I understood you meant strength of character, although I suppose I could pack a mean punch if pushed over the limit, but I genuinely think I'm not quite there yet. I'm confident about what I want to be but I'm a bundle of anxiety, worries and insecurities deep underneath. Even right now I'm questioning how fast can I defenestrate your initial good impression of me with all of this attention grabbing yet i feel confident about it too. It's weird but I'm learning to embrace it. Being both independent and co-dependent.

I like you. I don't feel under pressure and you're really easy to talk to.
Now let me melt into a huge puddle of fluff. *still grinning like a goof*


----------



## tanstaafl28 (Sep 10, 2012)

notalwayshuman said:


> I confuse 4s with 6s and both have a tendency to add wonder to my life or ruin aspects of it.



That seems ironically appropriate.


----------



## Watercolourful (Jan 12, 2013)

tanstaafl28 said:


> That seems ironically appropriate.


How so?


----------



## tanstaafl28 (Sep 10, 2012)

caramel_choctop said:


> Pay attn to the words _"a lot of people" and "seem to"_ in the topic line. This really isn't the problem you're making it out to be. And if you're that determined to believe it is, good for you, but why advertise the fact? No one is going to give you brownie points for being somehow above saying negative things about each type. There are plenty of people on this forum who understand that no type is superior to another. It's true that folks around here claim to be Fours (rightly or not) and then piss and moan about how speshul they are. But that doesn't exclude other types from having their own faults (Threes can be vainglorious, Nines passive-aggressive to a fault, Eights plain old aggressive). Fours are singled out only because they draw rather more attention to themselves online (at least, on PerC) and thus draw people's ire.
> 
> These are generalisations, yes, but on that basis you could fault everyone who's ever written about the Enneagram for typism. We _have to generalise_ if we're going to categorise anyone, ever.

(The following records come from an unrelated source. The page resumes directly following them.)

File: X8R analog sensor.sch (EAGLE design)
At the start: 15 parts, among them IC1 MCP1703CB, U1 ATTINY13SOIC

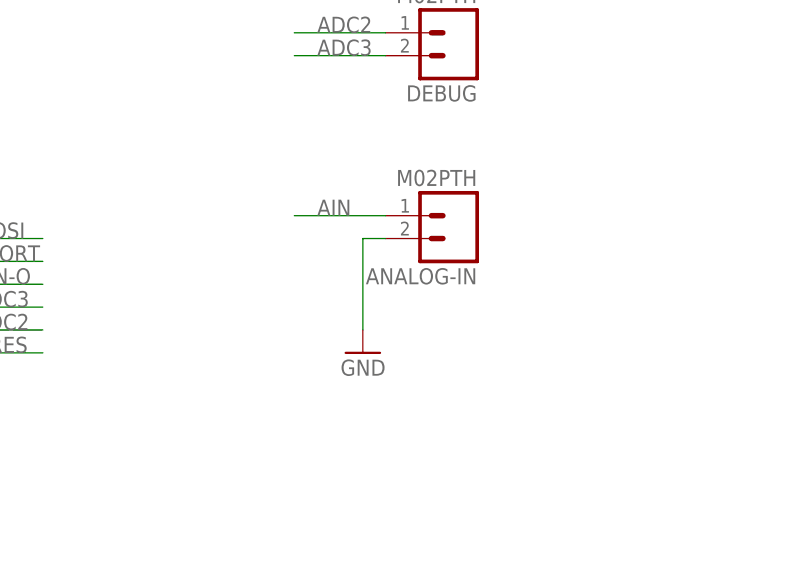
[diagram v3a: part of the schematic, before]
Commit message: reverted back to the 3 pin connector on AIN
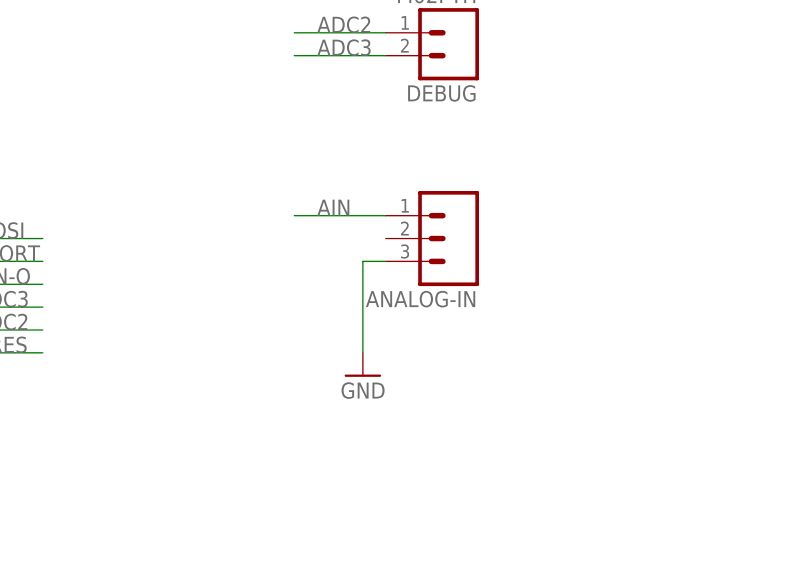
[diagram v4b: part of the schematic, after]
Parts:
- ANALOG-IN: value M02PTH -> (none); device SparkFun-Connectors:M02PTH -> SparkFun-Connectors:M03PTH
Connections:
- net GND: now also ANALOG-IN.3; no longer ANALOG-IN.2
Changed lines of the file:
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@@
 <part name="GND6" library="SparkFun-Aesthetics" deviceset="GND" device=""/>
 <part name="C4" library="SparkFun-Capacitors" deviceset="CAP" device="0603-CAP" value=".1uf"/>
-<part name="ANALOG-IN" library="SparkFun-Connectors" deviceset="M02" device="PTH"/>
+<part name="ANALOG-IN" library="SparkFun-Connectors" deviceset="M03" device="PTH"/>
 </parts>
 <sheets>
@@
 <instance part="GND1" gate="1" x="66.04" y="66.04"/>
 <instance part="GND2" gate="1" x="81.28" y="96.52"/>
-<instance part="GND3" gate="1" x="177.8" y="66.04" rot="MR0"/>
+<instance part="GND3" gate="1" x="177.8" y="63.5" rot="MR0"/>
 <instance part="GND4" gate="1" x="99.06" y="60.96"/>
 <instance part="DEBUG" gate="G$1" x="187.96" y="101.6" rot="R180"/>
@@
 <instance part="GND6" gate="1" x="73.66" y="106.68"/>
 <instance part="C4" gate="G$1" x="121.92" y="124.46"/>
-<instance part="ANALOG-IN" gate="G$1" x="187.96" y="81.28" rot="R180"/>
+<instance part="ANALOG-IN" gate="G$1" x="187.96" y="78.74" rot="R180"/>
 </instances>
 <busses>
@@
 <segment>
 <pinref part="GND3" gate="1" pin="GND"/>
-<wire x1="180.34" y1="78.74" x2="177.8" y2="78.74" width="0.1524" layer="91"/>
-<wire x1="177.8" y1="78.74" x2="177.8" y2="68.58" width="0.1524" layer="91"/>
-<pinref part="ANALOG-IN" gate="G$1" pin="2"/>
+<wire x1="180.34" y1="76.2" x2="177.8" y2="76.2" width="0.1524" layer="91"/>
+<wire x1="177.8" y1="76.2" x2="177.8" y2="66.04" width="0.1524" layer="91"/>
+<pinref part="ANALOG-IN" gate="G$1" pin="3"/>
 </segment>
 <segment>

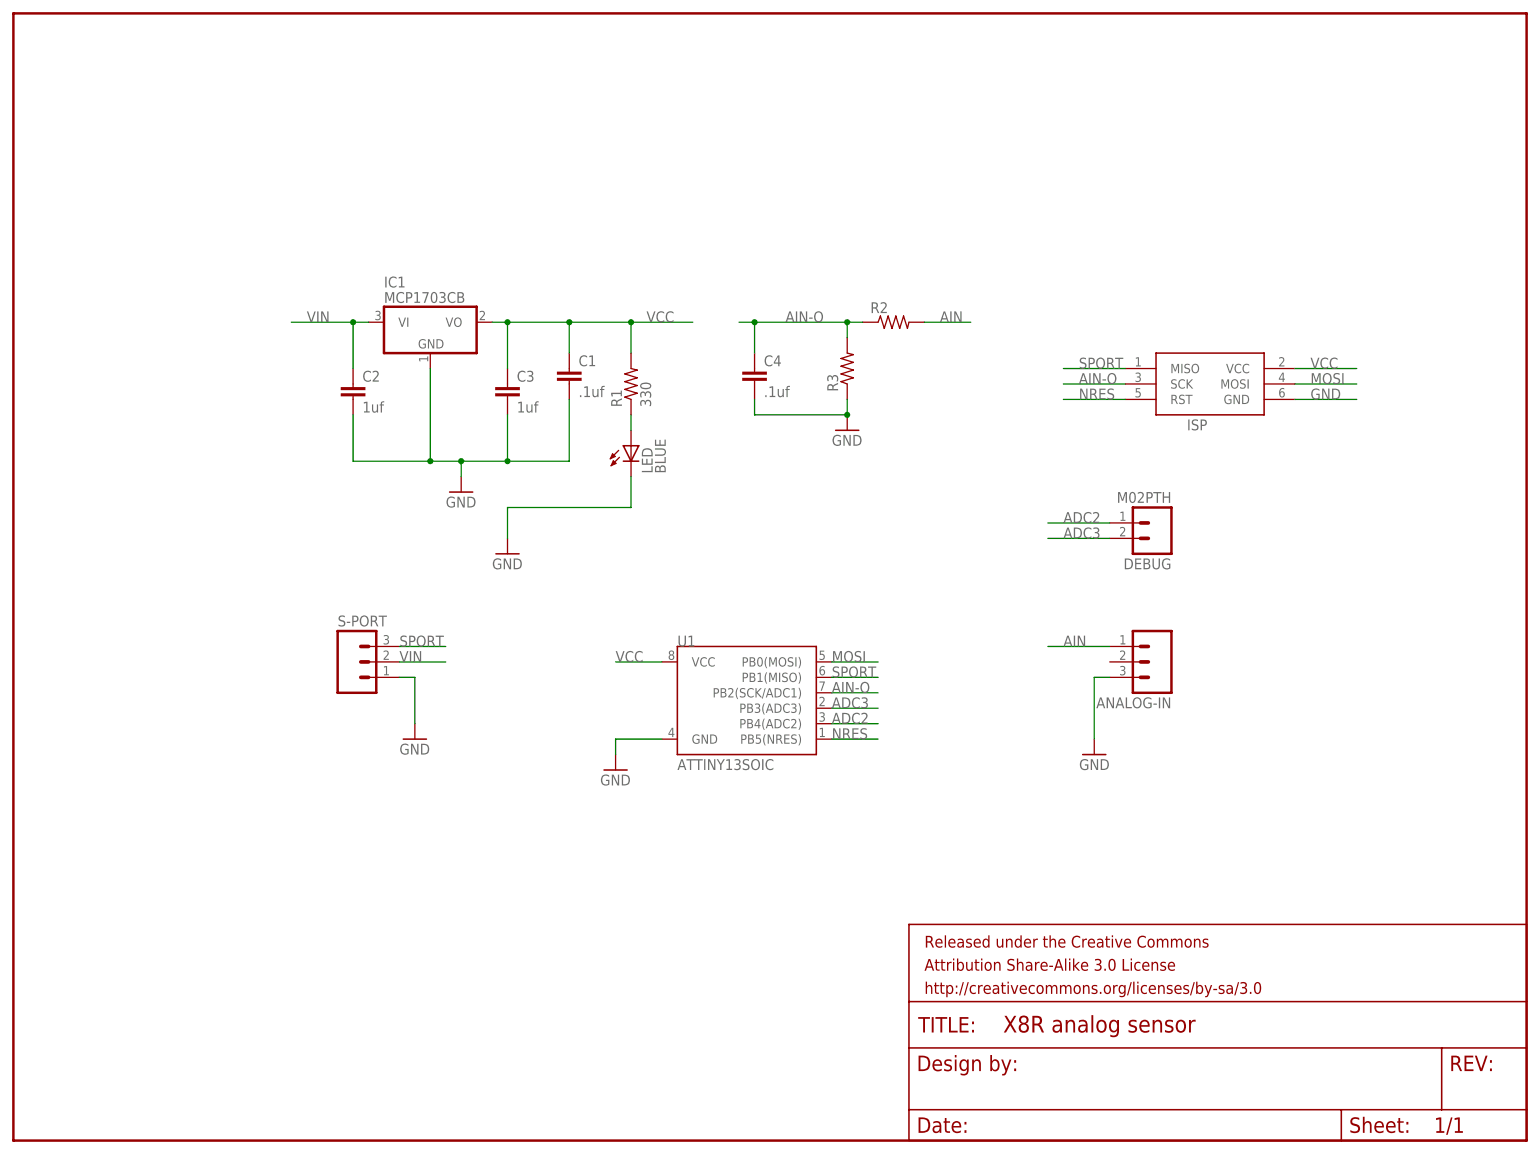
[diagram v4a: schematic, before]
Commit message: updated v2 version with separate grounds
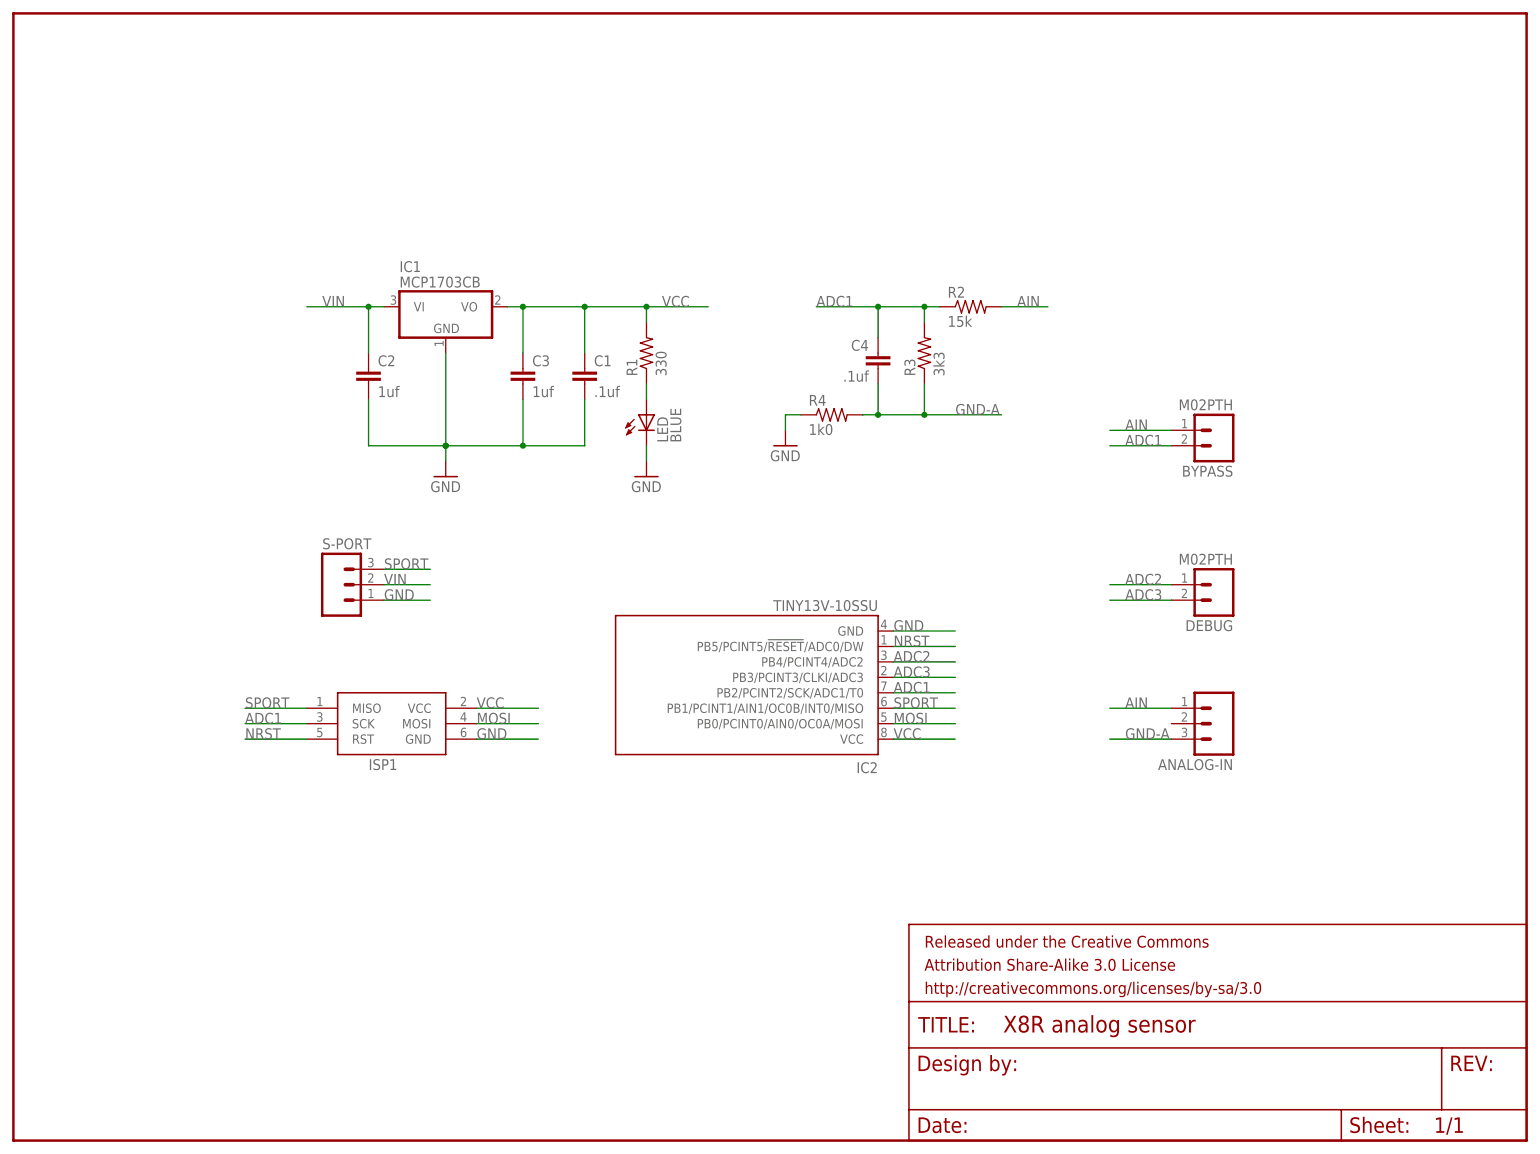
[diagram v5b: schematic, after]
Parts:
- removed ISP: AVRISP-6, adafruit:AVRISP-6
- removed U1: ATTINY13SOIC, SparkFun-DigitalIC:ATTINY13SOIC
- added BYPASS: M02PTH, SparkFun-Connectors:M02PTH
- added IC2: TINY13V-10SSU, atmel:TINY13V-10SSU
- added ISP1: AVRISP-6, adafruit:AVRISP-6
- added R4: 1k0, SparkFun-Resistors:RESISTOR0603
- R2: value (none) -> 15k; device SparkFun-Passives:RESISTORPTH-1/6W -> SparkFun-Passives:RESISTOR0603-RES
- R3: value (none) -> 3k3; device SparkFun-Passives:RESISTORPTH-1/6W -> SparkFun-Passives:RESISTOR0603-RES
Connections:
- removed net AIN-O: C4.1, ISP.SCK, R2.1, R3.2, U1.PB2(SCK/ADC1)
- removed net NRES: ISP.RST, U1.PB5(NRES)
- new net ADC1: BYPASS.2, C4.1, IC2.PB2/PCINT2/SCK/ADC1/T0, ISP1.SCK, R2.1, R3.2
- new net GND-A: ANALOG-IN.3, C4.2, R3.1, R4.2
- new net NRST: IC2.PB5/PCINT5/!RESET!/ADC0/DW, ISP1.RST
- net ADC2: now also IC2.PB4/PCINT4/ADC2; no longer U1.PB4(ADC2)
- net ADC3: now also IC2.PB3/PCINT3/CLKI/ADC3; no longer U1.PB3(ADC3)
- net AIN: now also BYPASS.1
- net GND: now also IC2.GND, ISP1.GND, R4.1; no longer ANALOG-IN.3, C4.2, ISP.GND, R3.1, U1.GND
- net MOSI: now also IC2.PB0/PCINT0/AIN0/OC0A/MOSI, ISP1.MOSI; no longer ISP.MOSI, U1.PB0(MOSI)
- net SPORT: now also IC2.PB1/PCINT1/AIN1/OC0B/INT0/MISO, ISP1.MISO; no longer ISP.MISO, U1.PB1(MISO)
- net VCC: now also IC2.VCC, ISP1.VCC; no longer ISP.VCC, U1.VCC
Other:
- moved on the sheet: ANALOG-IN, C1, C2, C3, C4, DEBUG, IC1, LED, R1, R2, R3, S-PORT
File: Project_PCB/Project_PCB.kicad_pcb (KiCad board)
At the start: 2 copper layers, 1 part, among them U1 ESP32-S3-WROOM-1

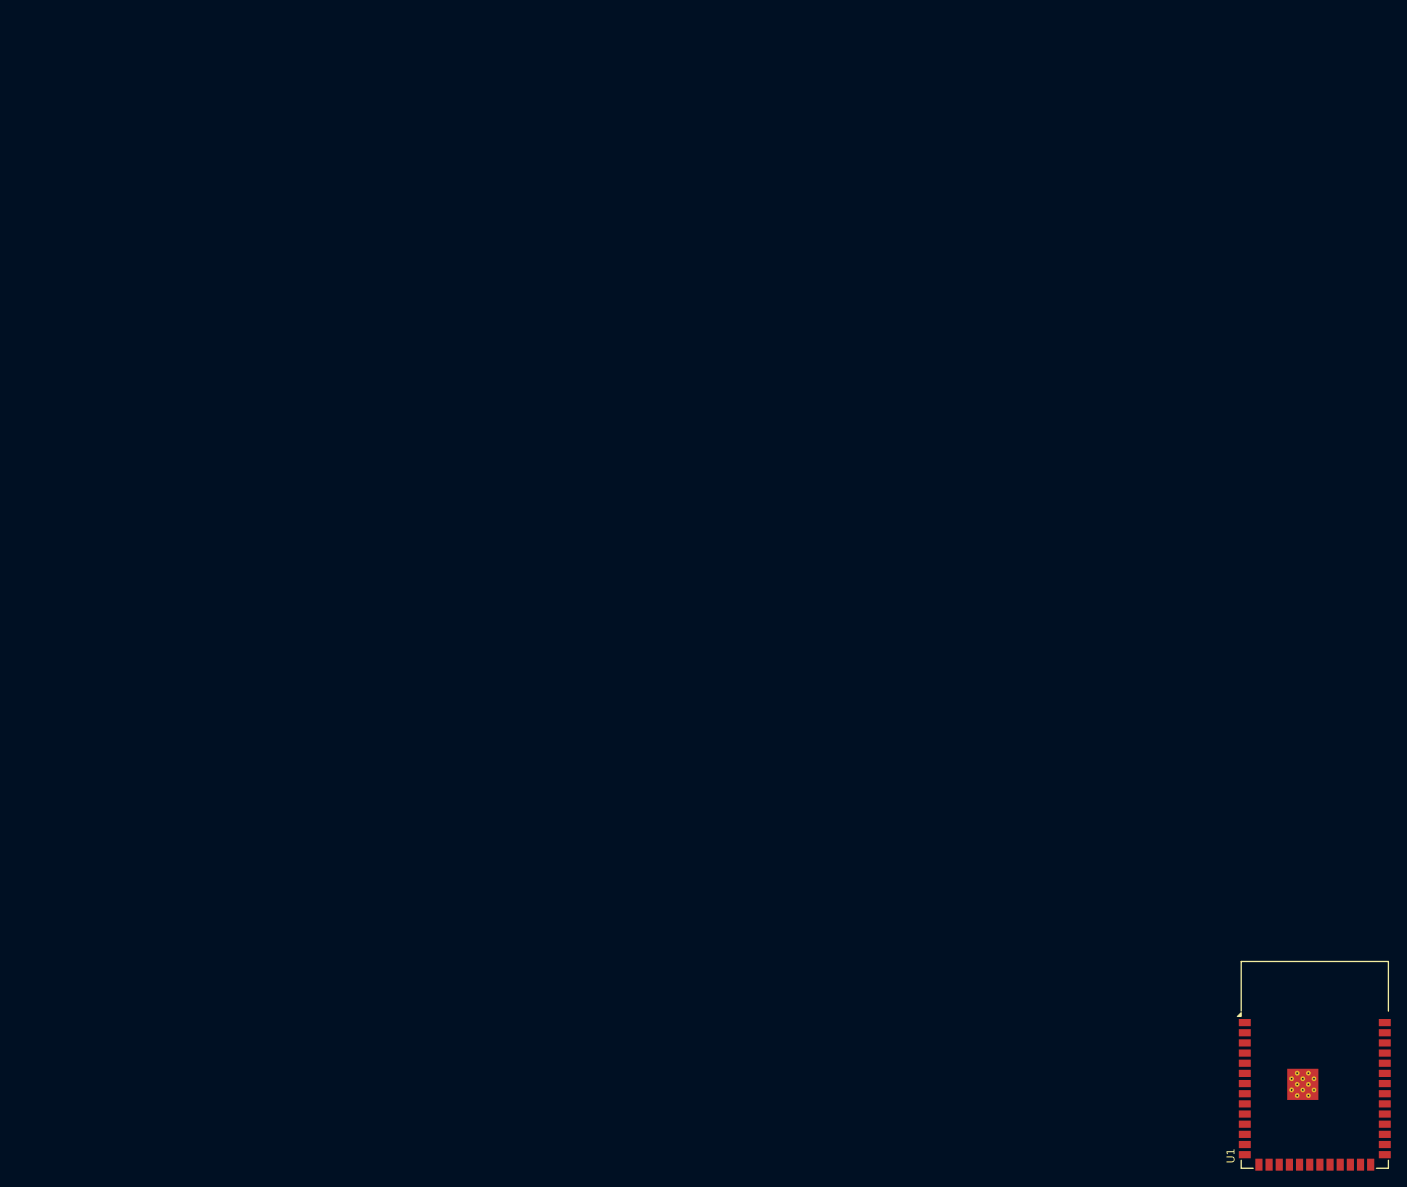
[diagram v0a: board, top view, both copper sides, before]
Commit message: Started work on PCB layout, made basic progress
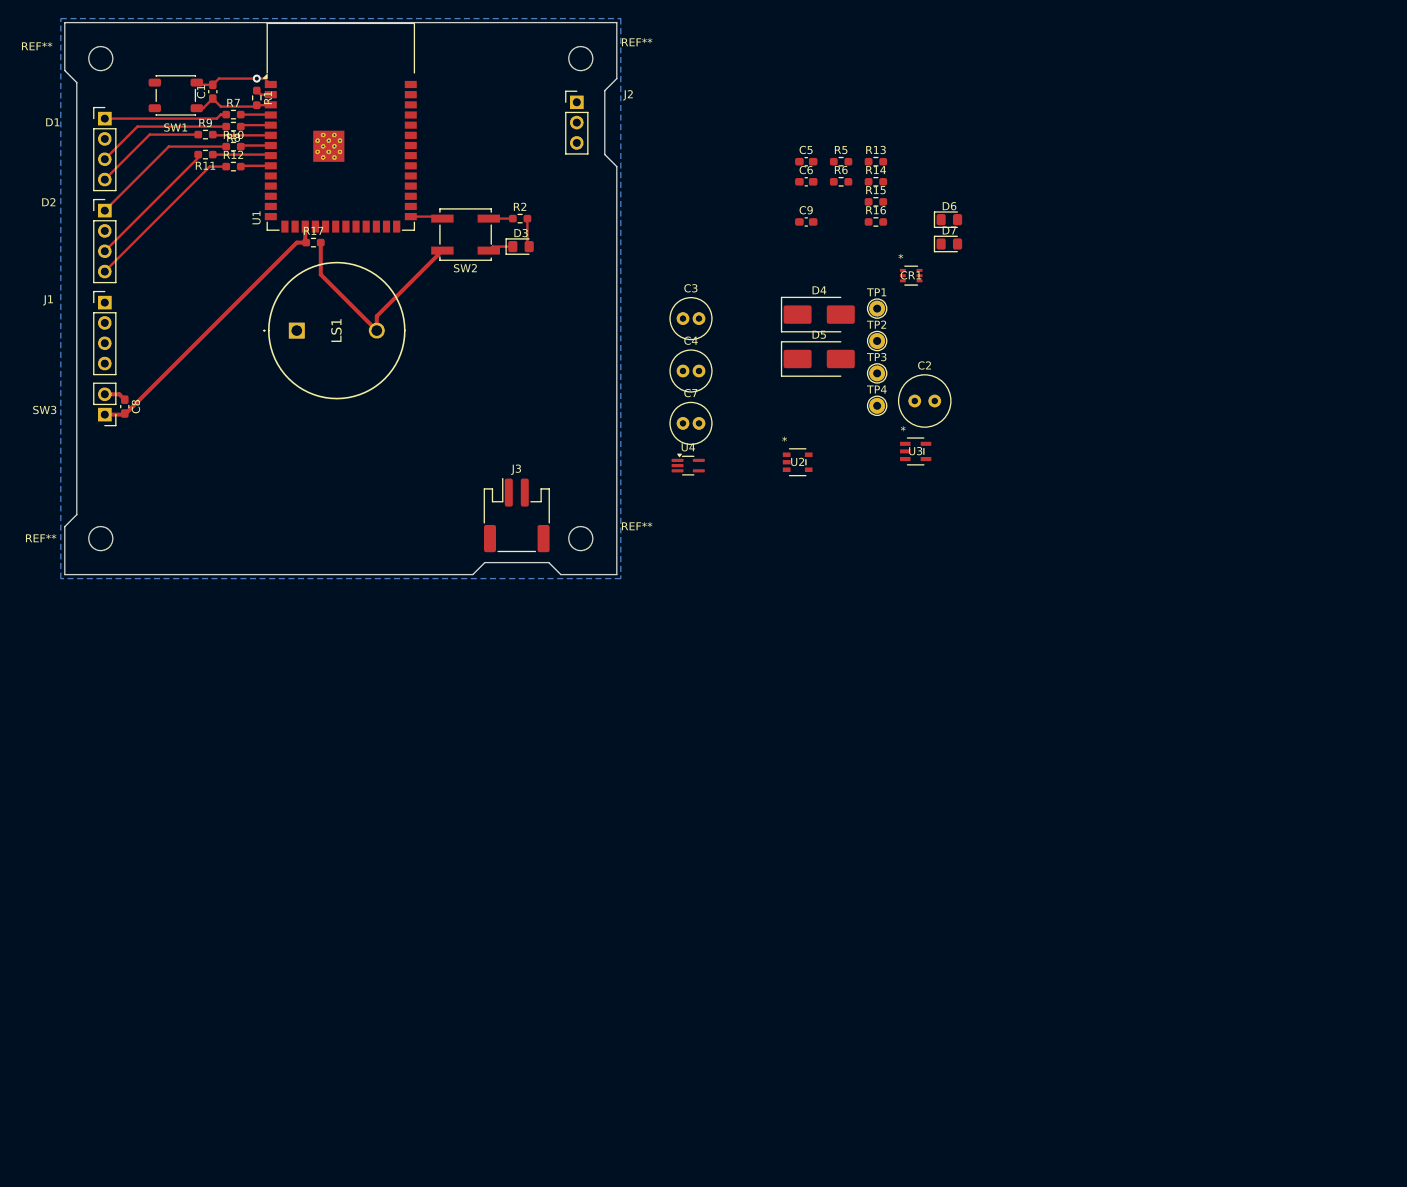
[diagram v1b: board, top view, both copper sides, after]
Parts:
- added C1: 1.0uF, Capacitor_SMD:C_0603_1608Metric_Pad1.08x0.95mm_HandSolder, F.Cu at (18.5, 8.64)
- added C2: 22uF, Capacitor_THT:C_Radial_D6.3mm_H7.0mm_P2.50mm, F.Cu at (106.2, 47.3)
- added C3: 4.7uF, Capacitor_THT:C_Radial_D5.0mm_H11.0mm_P2.00mm, F.Cu at (77.3, 37.0)
- added C4: 2.2uF, Capacitor_THT:C_Radial_D5.0mm_H11.0mm_P2.00mm, F.Cu at (77.3, 43.5)
- added C5: 0.1uF, Capacitor_SMD:C_0603_1608Metric_Pad1.08x0.95mm_HandSolder, F.Cu at (92.7, 17.4)
- added C6: 1.0uF, Capacitor_SMD:C_0603_1608Metric_Pad1.08x0.95mm_HandSolder, F.Cu at (92.7, 19.9)
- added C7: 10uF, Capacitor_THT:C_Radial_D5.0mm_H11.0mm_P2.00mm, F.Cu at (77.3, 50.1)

Again, _that's the point_. This sort of thread, no matter how innocent the content may actually be, tends to perpetuate the overall assumption of typism; whether that was the intent or not. Instead of focusing the attention on why some people dislike fours, maybe instead ask people what their experiences with fours have been like: this is a neutral position. Some people may have had some negative experiences, but others may have had positive. Its even possible that some have had a mixture of both. 

My overall experiences with fours have been positive. There are two fours in particular with whom I have been working with on a local Enneagram group for over a year; and they are wonderfully creative, inventive, and have made positive influences in my life. I enjoy their company greatly. It might also be because, as a social 5, I have greater access to both wings, and both myself and my mother share 4 in our tritypes (I'm a 584, she's a 147). I am comfortable around fours. I understand their moodiness, soul searching, and desire for authenticity. I earned a minor in theater, and I suspect that's a huge draw for some type fours (if not on stage, then behind the scenes). My interests have always been nearly evenly split between the artistic and technical environments. I often feel like part of what I do is act like a "bridge" between the two.


----------



## tanstaafl28 (Sep 10, 2012)

notalwayshuman said:


> How so?


Ones tend to have difficulty with change and disruptions to their carefully constructed routines. Fours and (particularly counter-phobic) sixes are likely to regularly introduce varying amounts of change and disruption into their lives, and the lives of those around them. It's not as bad as putting a one and a seven together, but it can be interesting.


----------



## Watercolourful (Jan 12, 2013)

tanstaafl28 said:


> Ones tend to have difficulty with change and disruptions to their carefully constructed routines. Fours and (particularly counter-phobic) sixes are likely to regularly introduce varying amounts of change and disruption into their lives, and the lives of those around them. It's not as bad as putting a one and a seven together, but it can be interesting.


Ha, I see.


----------



## LyeLye (Apr 24, 2014)

tanstaafl28 said:


> Again, _that's the point_. This sort of thread, no matter how innocent the content may actually be, tends to perpetuate the overall assumption of typism; whether that was the intent or not. Instead of focusing the attention on why some people dislike fours, maybe instead ask people what their experiences with fours have been like: this is a neutral position. Some people may have had some negative experiences, but others may have had positive. Its even possible that some have had a mixture of both.
> 
> My overall experiences with fours have been positive. There are two fours in particular with whom I have been working with on a local Enneagram group for over a year; and they are wonderfully creative, inventive, and have made positive influences in my life. I enjoy their company greatly. It might also be because, as a social 5, I have greater access to both wings, and both myself and my mother share 4 in our tritypes (I'm a 584, she's a 147). I am comfortable around fours. I understand their moodiness, soul searching, and desire for authenticity. I earned a minor in theater, and I suspect that's a huge draw for some type fours (if not on stage, then behind the scenes). My interests have always been nearly evenly split between the artistic and technical environments. I often feel like part of what I do is act like a "bridge" between the two.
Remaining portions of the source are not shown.